Ralph E. Goodale, Hinton G. Hudson, Jr., Winston-Salem, for appellant First Union Nat. Bank, guardian of Terry Douglas Charles.

Elledge & Mast, by David P. Mast, Jr., Winston-Salem, for appellee Elizabeth T. Long.

HIGGINS, Justice.

The attorneys and judges in two separate proceedings have attempted to determine which of three scripts, or what combination of them, is the last will of Faith N. Charles. The Clerk of Superior Court as ex officio Judge of Probate has jurisdiction to take proof of wills and issue letters testamentary or of administration thereon. As Judge of Probate he has the sole power in the first instance to determine whether a decedent died testate or intestate and whether a script offered for probate is his will. Walters v. Baptist Children's Home of North Carolina, 251 N.C. 369, 111 S.E.2d 707; Brissie v. Craig, 232 N.C. 701, 62 S.E.2d 330; Hutson v. Sawyer, 104 N.C. 1, 10 S.E. 85.

When a paper writing purporting to be a will is presented to the Judge of Probate he takes proof with respect to its execution. If found in order the script is admitted to probate in common form as a will. Thus far the proceeding is ex parte. It stands as the testator's will, and his only will, until challenged and reversed in a proper proceeding before a competent tribunal. The challenge must be by caveat and be heard in the Superior Court. In Re Will of Ellis, 235, N.C. 27, 69 S.E.2d 25; Wells v. Odum, 205 N.C. 110, 170 S.E. 145. The attack must be direct and by caveat. A collateral attack is not permitted. In Re Will of Cooper, 196 N.C. 418, 145 S.E. 782. Offering another will for probate in another proceeding is a collateral and not a direct attack. In Re Will of Puett, 229 N.C. 8, 47 S.E.2d 488. Any interested person may challenge the will and contest its validity by filing a caveat setting forth the grounds of the challenge. Upon the filing of the caveat the proceeding is transferred to the civil issue docket for trial before a jury. Upon this transfer, notice is given to all interested persons of the challenge, giving them an opportunity to enter and participate in the proceedings to the end that the court may determine whether the decedent left a will and, if so, whether any of the scripts before the court is the will. The 'proceeding [is] in rem in which the court pronounces its judgment as to whether * * * the res, i. e., the script itself, is the will of the deceased. In re Hinton's Will, 180 N.C. 206, 104 S.E. 341.' Brissie v. Craig, supra. The will is the res. The last will may consist of one or more written instruments. In a caveat proceeding any interested person may present to the court any script which is material to the issue whether there is a will, and if so, what is it? In Re Will of Marks, 259 N.C. 326, 130 S.E.2d 673, 675; In Re Will of Covington, 252 N.C. 546, 114 S.E.2d 257; In Re Will of Hine, 228 N.C. 405, 45 S.E.2d 526.

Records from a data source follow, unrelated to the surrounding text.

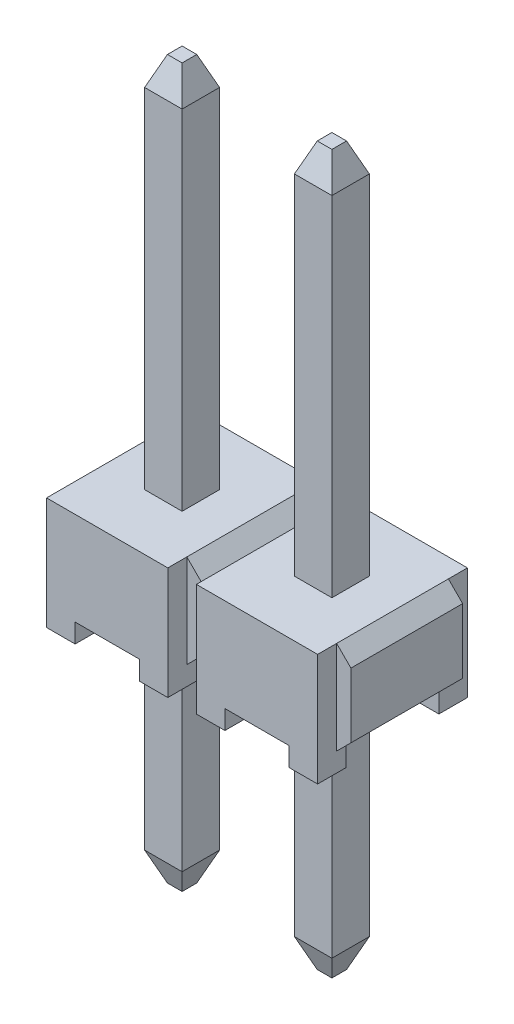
ISO-10303-21;
HEADER;
FILE_DESCRIPTION(('STEP AP214'),'2;1');
FILE_NAME('part.step','',(''),(''),'','','');
FILE_SCHEMA(('AUTOMOTIVE_DESIGN { 1 0 10303 214 1 1 1 1 }'));
ENDSEC;
DATA;
#1=APPLICATION_CONTEXT('core data for automotive mechanical design processes');
#2=APPLICATION_PROTOCOL_DEFINITION('international standard','automotive_design',2000,#1);
#3=PRODUCT_CONTEXT('',#1,'mechanical');
#4=PRODUCT('Part','Part','',(#3));
#5=PRODUCT_RELATED_PRODUCT_CATEGORY('part','',(#4));
#6=PRODUCT_DEFINITION_FORMATION('','',#4);
#7=PRODUCT_DEFINITION_CONTEXT('part definition',#1,'design');
#8=PRODUCT_DEFINITION('design','',#6,#7);
#9=PRODUCT_DEFINITION_SHAPE('','',#8);
#10=(LENGTH_UNIT() NAMED_UNIT(*) SI_UNIT(.MILLI.,.METRE.));
#11=(NAMED_UNIT(*) PLANE_ANGLE_UNIT() SI_UNIT($,.RADIAN.));
#12=(NAMED_UNIT(*) SI_UNIT($,.STERADIAN.) SOLID_ANGLE_UNIT());
#13=UNCERTAINTY_MEASURE_WITH_UNIT(LENGTH_MEASURE(1.E-05),#10,'distance_accuracy_value','');
#14=(GEOMETRIC_REPRESENTATION_CONTEXT(3) GLOBAL_UNCERTAINTY_ASSIGNED_CONTEXT((#13)) GLOBAL_UNIT_ASSIGNED_CONTEXT((#10,
#11,#12)) REPRESENTATION_CONTEXT('',''));
#15=CARTESIAN_POINT('',(0.,0.,0.));
#16=DIRECTION('',(0.,0.,1.));
#17=DIRECTION('',(1.,0.,0.));
#18=AXIS2_PLACEMENT_3D('',#15,#16,#17);
#19=CARTESIAN_POINT('',(-1.99898,4.0703271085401,-1.99898));
#20=DIRECTION('',(-1.,0.,0.));
#21=DIRECTION('',(0.,0.,1.));
#22=AXIS2_PLACEMENT_3D('',#19,#20,#21);
#23=PLANE('',#22);
#24=DIRECTION('',(0.,-1.,0.));
#25=VECTOR('',#24,1.);
#26=CARTESIAN_POINT('',(-1.99898,0.254,-0.381000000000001));
#27=LINE('',#26,#25);
#28=CARTESIAN_POINT('',(-1.99898,0.254,-0.381000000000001));
#29=VERTEX_POINT('',#28);
#30=CARTESIAN_POINT('',(-1.99898,0.,-0.381000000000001));
#31=VERTEX_POINT('',#30);
#32=EDGE_CURVE('E638',#29,#31,#27,.T.);
#33=ORIENTED_EDGE('',*,*,#32,.F.);
#34=DIRECTION('',(0.,0.,1.));
#35=VECTOR('',#34,1.);
#36=CARTESIAN_POINT('',(-1.99898,0.254,-1.99998));
#37=LINE('',#36,#35);
#38=CARTESIAN_POINT('',(-1.99898,0.254,-0.254));
#39=VERTEX_POINT('',#38);
#40=EDGE_CURVE('E849',#29,#39,#37,.T.);
#41=ORIENTED_EDGE('',*,*,#40,.T.);
#42=DIRECTION('',(0.,1.,0.));
#43=VECTOR('',#42,1.);
#44=CARTESIAN_POINT('',(-1.99898,1.4986,-0.254));
#45=LINE('',#44,#43);
#46=CARTESIAN_POINT('',(-1.99898,1.4986,-0.254));
#47=VERTEX_POINT('',#46);
#48=EDGE_CURVE('E699',#39,#47,#45,.T.);
#49=ORIENTED_EDGE('',*,*,#48,.T.);
#50=DIRECTION('',(0.,0.,-1.));
#51=VECTOR('',#50,1.);
#52=CARTESIAN_POINT('',(-1.99898,1.4986,-1.99898));
#53=LINE('',#52,#51);
#54=CARTESIAN_POINT('',(-1.99898,1.4986,0.));
#55=VERTEX_POINT('',#54);
#56=EDGE_CURVE('E684',#55,#47,#53,.T.);
#57=ORIENTED_EDGE('',*,*,#56,.F.);
#58=DIRECTION('',(0.,-1.,0.));
#59=VECTOR('',#58,1.);
#60=CARTESIAN_POINT('',(-1.99898,4.0703271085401,0.));
#61=LINE('',#60,#59);
#62=CARTESIAN_POINT('',(-1.99898,0.,0.));
#63=VERTEX_POINT('',#62);
#64=EDGE_CURVE('E661',#55,#63,#61,.T.);
#65=ORIENTED_EDGE('',*,*,#64,.T.);
#66=DIRECTION('',(0.,0.,-1.));
#67=VECTOR('',#66,1.);
#68=CARTESIAN_POINT('',(-1.99898,0.,-1.99898));
#69=LINE('',#68,#67);
#70=EDGE_CURVE('E653',#63,#31,#69,.T.);
#71=ORIENTED_EDGE('',*,*,#70,.T.);
#72=EDGE_LOOP('',(#33,#41,#49,#57,#65,#71));
#73=FACE_BOUND('',#72,.T.);
#74=ADVANCED_FACE('F33',(#73),#23,.F.);
#75=DIRECTION('',(0.,-1.,0.));
#76=VECTOR('',#75,1.);
#77=CARTESIAN_POINT('',(-1.99898,0.254,-1.61798));
#78=LINE('',#77,#76);
#79=CARTESIAN_POINT('',(-1.99898,0.254,-1.61798));
#80=VERTEX_POINT('',#79);
#81=CARTESIAN_POINT('',(-1.99898,0.,-1.61798));
#82=VERTEX_POINT('',#81);
#83=EDGE_CURVE('E635',#80,#82,#78,.T.);
#84=ORIENTED_EDGE('',*,*,#83,.T.);
#85=CARTESIAN_POINT('',(-1.99898,0.,-1.99898));
#86=VERTEX_POINT('',#85);
#87=EDGE_CURVE('E657',#82,#86,#69,.T.);
#88=ORIENTED_EDGE('',*,*,#87,.T.);
#89=DIRECTION('',(0.,-1.,0.));
#90=VECTOR('',#89,1.);
#91=CARTESIAN_POINT('',(-1.99898,4.0703271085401,-1.99898));
#92=LINE('',#91,#90);
#93=CARTESIAN_POINT('',(-1.99898,1.4986,-1.99898));
#94=VERTEX_POINT('',#93);
#95=EDGE_CURVE('E652',#94,#86,#92,.T.);
#96=ORIENTED_EDGE('',*,*,#95,.F.);
#97=CARTESIAN_POINT('',(-1.99898,1.4986,-1.74498));
#98=VERTEX_POINT('',#97);
#99=EDGE_CURVE('E656',#98,#94,#53,.T.);
#100=ORIENTED_EDGE('',*,*,#99,.F.);
#101=DIRECTION('',(0.,-1.,0.));
#102=VECTOR('',#101,1.);
#103=CARTESIAN_POINT('',(-1.99898,1.4986,-1.74498));
#104=LINE('',#103,#102);
#105=CARTESIAN_POINT('',(-1.99898,0.254,-1.74498));
#106=VERTEX_POINT('',#105);
#107=EDGE_CURVE('E701',#98,#106,#104,.T.);
#108=ORIENTED_EDGE('',*,*,#107,.T.);
#109=EDGE_CURVE('E845',#106,#80,#37,.T.);
#110=ORIENTED_EDGE('',*,*,#109,.T.);
#111=EDGE_LOOP('',(#84,#88,#96,#100,#108,#110));
#112=FACE_BOUND('',#111,.T.);
#113=ADVANCED_FACE('F1128',(#112),#23,.F.);
#114=CARTESIAN_POINT('',(-3.61696,4.0703271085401,-1.99898));
#115=DIRECTION('',(1.,0.,0.));
#116=DIRECTION('',(0.,0.,-1.));
#117=AXIS2_PLACEMENT_3D('',#114,#115,#116);
#118=PLANE('',#117);
#119=DIRECTION('',(0.,-1.,0.));
#120=VECTOR('',#119,1.);
#121=CARTESIAN_POINT('',(-3.61696,0.254,-0.381000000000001));
#122=LINE('',#121,#120);
#123=CARTESIAN_POINT('',(-3.61696,0.254,-0.381000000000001));
#124=VERTEX_POINT('',#123);
#125=CARTESIAN_POINT('',(-3.61696,0.,-0.381000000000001));
#126=VERTEX_POINT('',#125);
#127=EDGE_CURVE('E649',#124,#126,#122,.T.);
#128=ORIENTED_EDGE('',*,*,#127,.T.);
#129=DIRECTION('',(0.,0.,1.));
#130=VECTOR('',#129,1.);
#131=CARTESIAN_POINT('',(-3.61696,0.,-1.99898));
#132=LINE('',#131,#130);
#133=CARTESIAN_POINT('',(-3.61696,0.,0.));
#134=VERTEX_POINT('',#133);
#135=EDGE_CURVE('E667',#126,#134,#132,.T.);
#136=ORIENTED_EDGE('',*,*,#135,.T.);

When a caveat is filed the Superior Court acquires jurisdiction of the whole matter in controversy. Morris v. Morris 245 N.C. 30, 95 S.E.2d 110; In Re Will of Wood, 240 N.C. 134, 81 S.E.2d 127; In Re Will of Morrow, 234 N.C. 365, 67 S.E.2d 279; In Re Will of Brock, 229 N.C. 482, 50 S.E.2d 555; Wright v. Ball, 200 N.C. 620, 158 S.E. 192; Faison v. Williams, 121 N.C. 152, 28 S.E. 188. Any other script purporting to be the decedent's will should be offered and its validity determined in the caveat proceeding. In Re Will of Belvin, 261 N.C. 275, 134 S.E.2d 225; In Re Will of Puett, 229 N.C. 8, 47 S.E.2d 488.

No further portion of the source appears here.